A Close Look At Your Tool Box
One of the unforeseen results of all the technology in the golf equipment over the past few decades is that most golfers have really become detached from the real dynamics of their set of clubs. What I call our "tool box".
If the tools aren't right for the job, the job is not going to be done efficiently, or even correctly. One story I like to tell to illustrate this point is the auto mechanic. Let's assume you were referred to two mechanics to work on your new exotic sports car, both highly 'decorated' by the company as having passed all their certifications. So you visit both to see what they are all about. The first one has a whole wall of tools and diagnostic devices, neatly arranged. The other has a few wrenches, screwdrivers, pliers, a hammer and anvil. Which one do you think can get the most out of his training and talent?

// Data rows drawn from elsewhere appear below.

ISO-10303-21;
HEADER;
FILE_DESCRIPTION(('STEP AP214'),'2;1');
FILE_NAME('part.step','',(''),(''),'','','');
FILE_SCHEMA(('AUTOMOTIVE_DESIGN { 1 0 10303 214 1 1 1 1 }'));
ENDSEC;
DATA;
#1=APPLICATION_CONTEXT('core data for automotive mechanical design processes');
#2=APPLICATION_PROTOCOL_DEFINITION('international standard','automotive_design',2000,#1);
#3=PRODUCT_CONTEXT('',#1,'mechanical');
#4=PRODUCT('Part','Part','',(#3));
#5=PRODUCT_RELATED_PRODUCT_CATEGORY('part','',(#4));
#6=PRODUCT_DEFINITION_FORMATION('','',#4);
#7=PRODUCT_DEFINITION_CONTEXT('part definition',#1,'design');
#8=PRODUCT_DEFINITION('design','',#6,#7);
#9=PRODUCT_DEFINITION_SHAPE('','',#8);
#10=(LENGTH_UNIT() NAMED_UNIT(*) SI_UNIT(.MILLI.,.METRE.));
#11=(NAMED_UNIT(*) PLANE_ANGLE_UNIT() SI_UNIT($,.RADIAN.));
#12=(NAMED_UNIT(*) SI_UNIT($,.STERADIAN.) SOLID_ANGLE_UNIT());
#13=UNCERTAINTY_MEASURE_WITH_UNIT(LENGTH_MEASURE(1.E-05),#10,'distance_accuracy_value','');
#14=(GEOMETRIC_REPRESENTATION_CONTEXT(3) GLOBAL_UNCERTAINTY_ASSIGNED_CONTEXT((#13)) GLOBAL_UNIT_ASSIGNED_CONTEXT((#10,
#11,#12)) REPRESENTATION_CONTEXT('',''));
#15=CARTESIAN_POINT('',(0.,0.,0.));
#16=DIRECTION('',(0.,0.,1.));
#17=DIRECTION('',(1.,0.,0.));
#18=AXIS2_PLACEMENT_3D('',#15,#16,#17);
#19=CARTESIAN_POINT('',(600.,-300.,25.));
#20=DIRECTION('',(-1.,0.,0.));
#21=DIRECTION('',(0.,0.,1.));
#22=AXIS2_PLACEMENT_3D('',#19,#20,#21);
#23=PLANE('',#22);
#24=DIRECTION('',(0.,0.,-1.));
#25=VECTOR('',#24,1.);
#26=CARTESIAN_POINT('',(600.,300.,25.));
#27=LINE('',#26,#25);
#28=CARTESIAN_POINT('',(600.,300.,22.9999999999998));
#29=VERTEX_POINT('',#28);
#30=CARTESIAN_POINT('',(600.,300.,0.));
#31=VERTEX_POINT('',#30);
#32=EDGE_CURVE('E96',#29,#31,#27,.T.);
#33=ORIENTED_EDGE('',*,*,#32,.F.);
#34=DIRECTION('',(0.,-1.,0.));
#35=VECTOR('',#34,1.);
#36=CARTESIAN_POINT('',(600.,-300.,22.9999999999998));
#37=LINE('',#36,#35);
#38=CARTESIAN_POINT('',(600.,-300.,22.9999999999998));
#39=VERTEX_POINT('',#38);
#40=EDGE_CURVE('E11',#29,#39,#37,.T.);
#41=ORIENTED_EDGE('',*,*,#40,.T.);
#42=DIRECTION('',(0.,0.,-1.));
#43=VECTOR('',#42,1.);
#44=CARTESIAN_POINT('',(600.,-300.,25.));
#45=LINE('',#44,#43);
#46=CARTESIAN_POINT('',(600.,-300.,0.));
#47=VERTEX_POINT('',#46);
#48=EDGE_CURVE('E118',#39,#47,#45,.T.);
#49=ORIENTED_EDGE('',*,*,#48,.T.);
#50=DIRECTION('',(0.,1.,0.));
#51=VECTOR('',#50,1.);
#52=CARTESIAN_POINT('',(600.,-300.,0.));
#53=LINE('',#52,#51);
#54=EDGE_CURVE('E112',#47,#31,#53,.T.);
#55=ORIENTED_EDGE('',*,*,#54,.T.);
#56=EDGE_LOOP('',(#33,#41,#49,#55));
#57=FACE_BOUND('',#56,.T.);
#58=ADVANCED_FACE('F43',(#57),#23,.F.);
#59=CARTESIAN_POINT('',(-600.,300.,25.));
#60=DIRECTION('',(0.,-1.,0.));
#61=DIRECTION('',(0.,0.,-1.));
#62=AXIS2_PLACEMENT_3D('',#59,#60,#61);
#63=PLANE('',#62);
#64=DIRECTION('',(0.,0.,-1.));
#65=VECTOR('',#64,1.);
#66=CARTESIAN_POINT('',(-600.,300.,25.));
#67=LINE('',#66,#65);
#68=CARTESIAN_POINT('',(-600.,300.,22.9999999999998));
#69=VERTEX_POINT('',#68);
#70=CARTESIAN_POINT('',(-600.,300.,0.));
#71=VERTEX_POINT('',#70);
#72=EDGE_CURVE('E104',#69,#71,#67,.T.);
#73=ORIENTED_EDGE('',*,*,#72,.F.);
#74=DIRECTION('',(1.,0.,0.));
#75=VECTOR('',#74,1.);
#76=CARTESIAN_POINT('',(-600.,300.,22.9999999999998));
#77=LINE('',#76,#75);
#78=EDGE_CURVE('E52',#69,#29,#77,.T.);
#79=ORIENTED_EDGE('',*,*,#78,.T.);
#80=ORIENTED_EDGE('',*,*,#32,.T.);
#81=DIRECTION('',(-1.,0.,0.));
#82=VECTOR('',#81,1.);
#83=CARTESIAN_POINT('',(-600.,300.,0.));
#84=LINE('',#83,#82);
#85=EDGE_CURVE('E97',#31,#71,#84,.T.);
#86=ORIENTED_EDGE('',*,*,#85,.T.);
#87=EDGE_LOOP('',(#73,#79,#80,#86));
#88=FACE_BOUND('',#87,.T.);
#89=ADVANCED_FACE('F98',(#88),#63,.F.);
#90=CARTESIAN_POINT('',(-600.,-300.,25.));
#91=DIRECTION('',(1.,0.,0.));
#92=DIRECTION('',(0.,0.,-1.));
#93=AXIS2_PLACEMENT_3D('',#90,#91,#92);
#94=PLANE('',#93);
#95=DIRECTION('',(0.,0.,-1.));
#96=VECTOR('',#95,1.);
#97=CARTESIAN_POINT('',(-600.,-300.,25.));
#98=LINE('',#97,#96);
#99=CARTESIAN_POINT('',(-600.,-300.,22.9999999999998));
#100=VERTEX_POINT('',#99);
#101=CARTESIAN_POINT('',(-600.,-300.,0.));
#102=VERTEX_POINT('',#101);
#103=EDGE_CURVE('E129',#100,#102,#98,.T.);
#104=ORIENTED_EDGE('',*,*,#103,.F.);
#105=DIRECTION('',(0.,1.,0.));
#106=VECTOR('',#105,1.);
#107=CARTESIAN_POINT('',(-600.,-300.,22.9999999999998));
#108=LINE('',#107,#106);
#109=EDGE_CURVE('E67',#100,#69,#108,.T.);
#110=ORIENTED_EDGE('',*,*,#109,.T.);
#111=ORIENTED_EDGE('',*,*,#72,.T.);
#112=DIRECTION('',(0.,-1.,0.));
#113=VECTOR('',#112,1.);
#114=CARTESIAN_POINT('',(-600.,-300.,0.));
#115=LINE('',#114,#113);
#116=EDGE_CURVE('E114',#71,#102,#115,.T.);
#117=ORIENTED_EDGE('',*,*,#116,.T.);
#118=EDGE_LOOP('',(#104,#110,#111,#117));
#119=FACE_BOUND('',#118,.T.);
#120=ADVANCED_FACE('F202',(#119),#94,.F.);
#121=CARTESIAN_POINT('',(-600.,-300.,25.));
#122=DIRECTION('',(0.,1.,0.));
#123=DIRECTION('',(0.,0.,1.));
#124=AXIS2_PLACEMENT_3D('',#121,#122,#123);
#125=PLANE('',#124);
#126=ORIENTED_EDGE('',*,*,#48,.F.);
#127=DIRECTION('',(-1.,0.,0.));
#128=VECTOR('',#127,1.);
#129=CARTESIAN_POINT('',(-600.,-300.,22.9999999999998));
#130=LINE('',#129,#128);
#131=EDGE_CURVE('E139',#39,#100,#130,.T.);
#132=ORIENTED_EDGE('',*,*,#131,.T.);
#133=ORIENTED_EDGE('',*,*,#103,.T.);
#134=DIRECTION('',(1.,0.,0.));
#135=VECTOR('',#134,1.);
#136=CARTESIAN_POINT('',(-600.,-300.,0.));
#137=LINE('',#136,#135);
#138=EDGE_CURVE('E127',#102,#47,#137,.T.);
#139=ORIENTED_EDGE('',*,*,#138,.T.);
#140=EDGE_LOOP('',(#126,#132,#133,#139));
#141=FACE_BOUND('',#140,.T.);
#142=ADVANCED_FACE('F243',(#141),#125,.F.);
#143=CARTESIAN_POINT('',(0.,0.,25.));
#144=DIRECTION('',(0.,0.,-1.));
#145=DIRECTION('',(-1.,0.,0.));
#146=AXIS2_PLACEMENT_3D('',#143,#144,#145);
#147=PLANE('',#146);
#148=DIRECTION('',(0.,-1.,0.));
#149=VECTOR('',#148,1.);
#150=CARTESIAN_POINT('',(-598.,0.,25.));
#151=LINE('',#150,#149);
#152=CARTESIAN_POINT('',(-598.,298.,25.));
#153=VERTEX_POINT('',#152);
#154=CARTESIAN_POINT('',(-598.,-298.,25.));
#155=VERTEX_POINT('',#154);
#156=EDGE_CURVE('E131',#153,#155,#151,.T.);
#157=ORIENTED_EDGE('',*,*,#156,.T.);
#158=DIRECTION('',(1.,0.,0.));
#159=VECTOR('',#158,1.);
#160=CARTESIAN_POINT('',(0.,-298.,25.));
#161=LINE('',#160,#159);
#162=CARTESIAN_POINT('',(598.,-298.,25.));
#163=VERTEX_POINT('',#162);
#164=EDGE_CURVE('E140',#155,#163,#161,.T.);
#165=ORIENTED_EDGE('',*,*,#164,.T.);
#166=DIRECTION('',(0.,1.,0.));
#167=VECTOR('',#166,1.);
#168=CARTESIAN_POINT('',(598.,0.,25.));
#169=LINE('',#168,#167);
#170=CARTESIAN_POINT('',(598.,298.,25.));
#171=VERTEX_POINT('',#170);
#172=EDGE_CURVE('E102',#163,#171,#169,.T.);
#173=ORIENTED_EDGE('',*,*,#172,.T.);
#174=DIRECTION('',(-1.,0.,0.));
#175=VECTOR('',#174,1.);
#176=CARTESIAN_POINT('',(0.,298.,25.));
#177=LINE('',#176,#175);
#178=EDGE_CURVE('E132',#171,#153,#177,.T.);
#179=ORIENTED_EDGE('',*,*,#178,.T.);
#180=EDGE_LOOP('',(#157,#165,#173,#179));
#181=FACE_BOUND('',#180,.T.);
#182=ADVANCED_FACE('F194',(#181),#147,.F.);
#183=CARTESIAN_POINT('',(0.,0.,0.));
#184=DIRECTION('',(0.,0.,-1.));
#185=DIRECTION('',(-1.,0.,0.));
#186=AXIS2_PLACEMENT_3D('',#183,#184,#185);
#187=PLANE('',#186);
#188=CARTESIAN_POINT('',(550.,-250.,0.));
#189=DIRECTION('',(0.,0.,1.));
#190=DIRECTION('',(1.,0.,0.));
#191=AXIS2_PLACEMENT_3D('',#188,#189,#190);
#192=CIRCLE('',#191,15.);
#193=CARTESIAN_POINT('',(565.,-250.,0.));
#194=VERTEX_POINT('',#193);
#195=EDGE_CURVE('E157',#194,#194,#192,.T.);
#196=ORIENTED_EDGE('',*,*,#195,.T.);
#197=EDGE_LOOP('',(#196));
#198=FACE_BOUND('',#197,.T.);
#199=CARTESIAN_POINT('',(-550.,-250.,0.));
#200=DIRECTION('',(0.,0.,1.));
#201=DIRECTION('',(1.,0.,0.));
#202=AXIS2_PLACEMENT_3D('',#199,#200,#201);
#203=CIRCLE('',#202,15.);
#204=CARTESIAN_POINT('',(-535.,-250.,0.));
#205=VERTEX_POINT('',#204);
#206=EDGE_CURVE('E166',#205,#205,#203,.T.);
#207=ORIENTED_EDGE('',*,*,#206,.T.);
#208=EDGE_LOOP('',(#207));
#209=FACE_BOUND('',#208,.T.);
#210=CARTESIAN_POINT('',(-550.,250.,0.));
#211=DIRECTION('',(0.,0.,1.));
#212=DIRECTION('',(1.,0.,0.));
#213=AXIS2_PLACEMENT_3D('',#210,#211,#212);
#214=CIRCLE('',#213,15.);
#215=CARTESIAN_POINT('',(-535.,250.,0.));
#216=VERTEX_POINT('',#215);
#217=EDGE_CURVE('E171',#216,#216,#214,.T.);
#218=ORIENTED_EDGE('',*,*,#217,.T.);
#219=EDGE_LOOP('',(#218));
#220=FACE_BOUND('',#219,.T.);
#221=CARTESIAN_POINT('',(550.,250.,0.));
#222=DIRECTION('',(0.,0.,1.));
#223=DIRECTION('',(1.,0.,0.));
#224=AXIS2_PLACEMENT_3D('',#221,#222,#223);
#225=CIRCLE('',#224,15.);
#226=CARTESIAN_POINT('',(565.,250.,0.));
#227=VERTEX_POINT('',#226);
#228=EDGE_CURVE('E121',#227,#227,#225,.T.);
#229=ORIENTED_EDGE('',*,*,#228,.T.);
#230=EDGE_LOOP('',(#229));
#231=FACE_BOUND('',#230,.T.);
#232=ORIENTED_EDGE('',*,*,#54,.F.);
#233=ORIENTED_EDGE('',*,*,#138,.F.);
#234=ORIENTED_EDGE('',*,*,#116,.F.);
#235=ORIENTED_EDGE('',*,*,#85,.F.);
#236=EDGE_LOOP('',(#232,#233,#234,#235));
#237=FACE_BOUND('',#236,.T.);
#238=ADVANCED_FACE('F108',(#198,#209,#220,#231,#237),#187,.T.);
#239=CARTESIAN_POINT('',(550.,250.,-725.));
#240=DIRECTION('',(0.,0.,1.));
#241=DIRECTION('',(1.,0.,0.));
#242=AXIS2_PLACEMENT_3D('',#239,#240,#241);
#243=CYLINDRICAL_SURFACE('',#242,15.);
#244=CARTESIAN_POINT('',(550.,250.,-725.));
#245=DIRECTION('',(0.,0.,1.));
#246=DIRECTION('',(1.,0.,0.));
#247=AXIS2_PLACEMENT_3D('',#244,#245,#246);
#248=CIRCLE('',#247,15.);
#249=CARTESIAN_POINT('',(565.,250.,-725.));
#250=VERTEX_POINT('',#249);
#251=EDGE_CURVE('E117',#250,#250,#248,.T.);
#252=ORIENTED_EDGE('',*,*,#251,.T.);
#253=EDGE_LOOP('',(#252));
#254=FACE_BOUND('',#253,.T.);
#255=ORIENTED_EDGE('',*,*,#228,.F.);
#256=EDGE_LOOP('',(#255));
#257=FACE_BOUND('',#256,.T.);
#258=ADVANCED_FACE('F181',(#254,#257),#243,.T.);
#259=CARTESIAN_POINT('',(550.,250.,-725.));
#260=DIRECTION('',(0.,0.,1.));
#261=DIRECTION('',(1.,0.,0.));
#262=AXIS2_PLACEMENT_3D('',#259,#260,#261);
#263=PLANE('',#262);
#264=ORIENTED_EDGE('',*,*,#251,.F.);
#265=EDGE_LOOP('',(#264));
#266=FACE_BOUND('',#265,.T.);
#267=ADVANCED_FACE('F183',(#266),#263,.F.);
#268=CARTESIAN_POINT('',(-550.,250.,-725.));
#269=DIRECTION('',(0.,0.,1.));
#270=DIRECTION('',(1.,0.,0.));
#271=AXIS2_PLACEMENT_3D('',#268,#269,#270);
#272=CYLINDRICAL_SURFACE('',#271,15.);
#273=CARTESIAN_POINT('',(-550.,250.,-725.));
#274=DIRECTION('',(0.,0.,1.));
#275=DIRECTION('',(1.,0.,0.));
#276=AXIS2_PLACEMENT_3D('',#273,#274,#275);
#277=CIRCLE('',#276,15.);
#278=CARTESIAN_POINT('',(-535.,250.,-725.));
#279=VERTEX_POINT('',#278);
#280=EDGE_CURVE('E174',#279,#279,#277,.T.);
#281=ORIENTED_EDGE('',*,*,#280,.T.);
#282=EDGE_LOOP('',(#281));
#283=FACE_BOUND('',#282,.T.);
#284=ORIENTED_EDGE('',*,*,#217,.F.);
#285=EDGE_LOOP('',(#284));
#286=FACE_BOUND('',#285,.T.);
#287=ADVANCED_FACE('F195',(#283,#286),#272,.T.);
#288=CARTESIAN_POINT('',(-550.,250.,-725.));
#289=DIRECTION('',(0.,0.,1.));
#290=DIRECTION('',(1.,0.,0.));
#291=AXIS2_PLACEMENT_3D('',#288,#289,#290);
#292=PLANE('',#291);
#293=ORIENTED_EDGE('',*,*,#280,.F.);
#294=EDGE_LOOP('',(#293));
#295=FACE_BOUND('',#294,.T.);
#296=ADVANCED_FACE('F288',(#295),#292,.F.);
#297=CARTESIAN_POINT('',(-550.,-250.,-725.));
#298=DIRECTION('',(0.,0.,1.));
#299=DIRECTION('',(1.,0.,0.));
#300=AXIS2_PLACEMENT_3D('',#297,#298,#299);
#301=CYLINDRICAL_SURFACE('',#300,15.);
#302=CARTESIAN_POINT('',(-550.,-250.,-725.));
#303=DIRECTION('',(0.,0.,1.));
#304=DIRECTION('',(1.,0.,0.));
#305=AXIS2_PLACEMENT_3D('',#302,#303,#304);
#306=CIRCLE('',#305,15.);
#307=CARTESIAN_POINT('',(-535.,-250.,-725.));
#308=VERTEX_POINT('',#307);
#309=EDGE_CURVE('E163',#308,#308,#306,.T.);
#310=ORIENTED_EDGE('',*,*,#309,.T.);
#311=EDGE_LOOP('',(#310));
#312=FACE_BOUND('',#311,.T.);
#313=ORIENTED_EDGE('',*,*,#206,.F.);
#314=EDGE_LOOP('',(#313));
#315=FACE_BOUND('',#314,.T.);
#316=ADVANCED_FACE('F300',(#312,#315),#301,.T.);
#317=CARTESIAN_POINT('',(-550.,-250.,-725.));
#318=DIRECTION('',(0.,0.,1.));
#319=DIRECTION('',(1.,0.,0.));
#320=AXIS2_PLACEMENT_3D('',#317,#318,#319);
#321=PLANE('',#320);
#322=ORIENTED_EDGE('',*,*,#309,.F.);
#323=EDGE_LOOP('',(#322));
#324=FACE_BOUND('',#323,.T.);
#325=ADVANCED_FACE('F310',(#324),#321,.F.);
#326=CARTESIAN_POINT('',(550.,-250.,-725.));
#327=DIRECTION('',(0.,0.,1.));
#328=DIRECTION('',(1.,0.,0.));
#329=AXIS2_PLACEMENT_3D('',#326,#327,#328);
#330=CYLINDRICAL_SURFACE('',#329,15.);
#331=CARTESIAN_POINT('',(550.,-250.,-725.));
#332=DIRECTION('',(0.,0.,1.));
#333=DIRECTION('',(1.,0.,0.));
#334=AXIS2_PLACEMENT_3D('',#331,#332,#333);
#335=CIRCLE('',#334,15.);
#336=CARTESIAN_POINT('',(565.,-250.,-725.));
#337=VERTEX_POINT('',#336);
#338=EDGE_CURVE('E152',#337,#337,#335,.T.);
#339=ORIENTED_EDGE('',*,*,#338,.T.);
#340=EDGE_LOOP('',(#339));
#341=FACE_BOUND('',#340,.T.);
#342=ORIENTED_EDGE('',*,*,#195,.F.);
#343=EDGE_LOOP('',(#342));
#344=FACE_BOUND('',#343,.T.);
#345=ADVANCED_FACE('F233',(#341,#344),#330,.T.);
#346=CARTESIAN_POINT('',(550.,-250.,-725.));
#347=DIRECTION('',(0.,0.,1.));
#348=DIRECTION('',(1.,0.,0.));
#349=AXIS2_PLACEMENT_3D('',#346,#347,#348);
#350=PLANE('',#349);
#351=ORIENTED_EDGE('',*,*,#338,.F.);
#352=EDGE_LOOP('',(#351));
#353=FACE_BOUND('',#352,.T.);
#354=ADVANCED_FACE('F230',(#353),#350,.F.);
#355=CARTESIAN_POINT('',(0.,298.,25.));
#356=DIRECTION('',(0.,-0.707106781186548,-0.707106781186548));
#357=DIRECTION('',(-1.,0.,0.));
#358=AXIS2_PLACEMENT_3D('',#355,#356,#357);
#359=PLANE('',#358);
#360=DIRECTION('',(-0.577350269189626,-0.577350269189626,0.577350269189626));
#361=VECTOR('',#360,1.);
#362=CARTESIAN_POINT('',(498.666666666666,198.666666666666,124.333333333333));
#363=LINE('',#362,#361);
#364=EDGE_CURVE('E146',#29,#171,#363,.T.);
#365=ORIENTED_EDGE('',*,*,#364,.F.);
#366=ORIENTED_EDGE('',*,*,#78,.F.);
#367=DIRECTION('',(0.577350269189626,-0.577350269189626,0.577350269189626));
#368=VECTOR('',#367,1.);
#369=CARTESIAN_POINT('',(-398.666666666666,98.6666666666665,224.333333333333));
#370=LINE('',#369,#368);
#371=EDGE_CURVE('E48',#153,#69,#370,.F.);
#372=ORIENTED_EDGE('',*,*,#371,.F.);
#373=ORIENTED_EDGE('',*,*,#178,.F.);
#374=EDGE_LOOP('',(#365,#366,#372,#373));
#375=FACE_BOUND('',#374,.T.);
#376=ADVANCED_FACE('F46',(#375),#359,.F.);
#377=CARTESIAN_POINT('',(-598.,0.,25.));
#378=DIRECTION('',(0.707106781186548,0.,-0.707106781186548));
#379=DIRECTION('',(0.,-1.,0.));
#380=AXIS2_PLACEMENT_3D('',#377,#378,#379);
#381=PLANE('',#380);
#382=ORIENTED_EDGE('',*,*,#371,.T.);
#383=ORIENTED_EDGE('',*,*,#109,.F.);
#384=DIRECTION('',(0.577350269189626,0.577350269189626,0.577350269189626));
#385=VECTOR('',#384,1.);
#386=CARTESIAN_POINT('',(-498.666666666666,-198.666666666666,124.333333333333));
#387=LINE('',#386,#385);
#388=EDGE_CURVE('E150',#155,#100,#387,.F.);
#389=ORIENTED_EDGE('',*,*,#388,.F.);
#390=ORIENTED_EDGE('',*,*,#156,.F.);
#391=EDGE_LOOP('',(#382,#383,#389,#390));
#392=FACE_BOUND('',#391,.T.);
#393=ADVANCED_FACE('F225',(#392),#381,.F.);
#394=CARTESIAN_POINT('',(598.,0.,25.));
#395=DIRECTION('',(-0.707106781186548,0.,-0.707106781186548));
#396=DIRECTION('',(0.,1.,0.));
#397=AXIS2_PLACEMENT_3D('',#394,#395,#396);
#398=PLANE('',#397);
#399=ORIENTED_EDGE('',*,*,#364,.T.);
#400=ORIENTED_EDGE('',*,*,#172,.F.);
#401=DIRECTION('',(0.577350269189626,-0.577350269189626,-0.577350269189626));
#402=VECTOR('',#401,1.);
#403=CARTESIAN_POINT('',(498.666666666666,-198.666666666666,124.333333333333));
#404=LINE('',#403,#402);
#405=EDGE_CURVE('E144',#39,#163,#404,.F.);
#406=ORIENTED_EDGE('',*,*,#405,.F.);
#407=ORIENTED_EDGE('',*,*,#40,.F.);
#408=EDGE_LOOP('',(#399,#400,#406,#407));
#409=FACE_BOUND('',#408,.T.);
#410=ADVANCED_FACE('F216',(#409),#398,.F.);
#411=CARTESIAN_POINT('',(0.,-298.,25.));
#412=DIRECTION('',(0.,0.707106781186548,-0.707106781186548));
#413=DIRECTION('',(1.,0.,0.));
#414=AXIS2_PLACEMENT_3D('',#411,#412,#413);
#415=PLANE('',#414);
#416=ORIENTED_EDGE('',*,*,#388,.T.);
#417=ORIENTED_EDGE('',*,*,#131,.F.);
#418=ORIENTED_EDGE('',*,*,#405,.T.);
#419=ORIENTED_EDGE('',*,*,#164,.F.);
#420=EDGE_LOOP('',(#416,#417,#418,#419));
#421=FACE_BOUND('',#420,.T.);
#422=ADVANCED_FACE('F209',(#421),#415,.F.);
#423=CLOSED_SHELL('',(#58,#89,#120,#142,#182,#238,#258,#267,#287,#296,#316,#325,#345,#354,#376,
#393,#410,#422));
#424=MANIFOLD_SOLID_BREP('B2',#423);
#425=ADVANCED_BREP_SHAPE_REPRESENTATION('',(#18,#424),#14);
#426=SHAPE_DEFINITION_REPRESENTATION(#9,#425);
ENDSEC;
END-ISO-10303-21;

In your golf bag, you also have a tool kit. And the only way to get the most out of whatever skill and talent you have is to have a tool kit that optimizes what you know how to do. At one end you have a specialized tool called a driver, which is used to launch the ball off the tee. At the other end is a putter, designed to roll the ball across the green, hopefully into the hole.
In between, you have twelve clubs with which to navigate 2-3 miles of the golf course from tee to green. And the game gets much easier if those tools are arranged to make this effort systematic and organized.
But the reality is that the golf equipment manufacturers have been messing with your tool box, so you probably have some "disconnects" in there that are causing you unnecessary problems. The most glaring and damaging to your scoring is that the focus on distance has given you longer shots at the long end of your set, but has widened the distance gaps at the short end. It's not your fault, but just the way the set has "matured".
We used to have a set of irons ranging in loft from the 3-iron at about 22 degrees, to the PW at about 50-51. As cavity back irons evolved, the PW began to "move" — to 48, then 47 ... 46 ... and now many sets have a P-club as low as 43 degrees. What used to be an 8-iron. The problem is that the 3-iron hasn't moved but a degree or so, effectively compressing your range of yards covered by 20-25 at least, and removing your valuable high-loft scoring clubs.
This is a bigger topic than can be covered one post, but I can stay on this topic next week. In the meantime, you should do some online research to see just what your lofts are in you set of irons, and make yourself a chart showing each iron and how far you really, comfortably can hit it. That's a great start to really getting to know your tool box.
And we'll go to the next step on Tuesday. See you then.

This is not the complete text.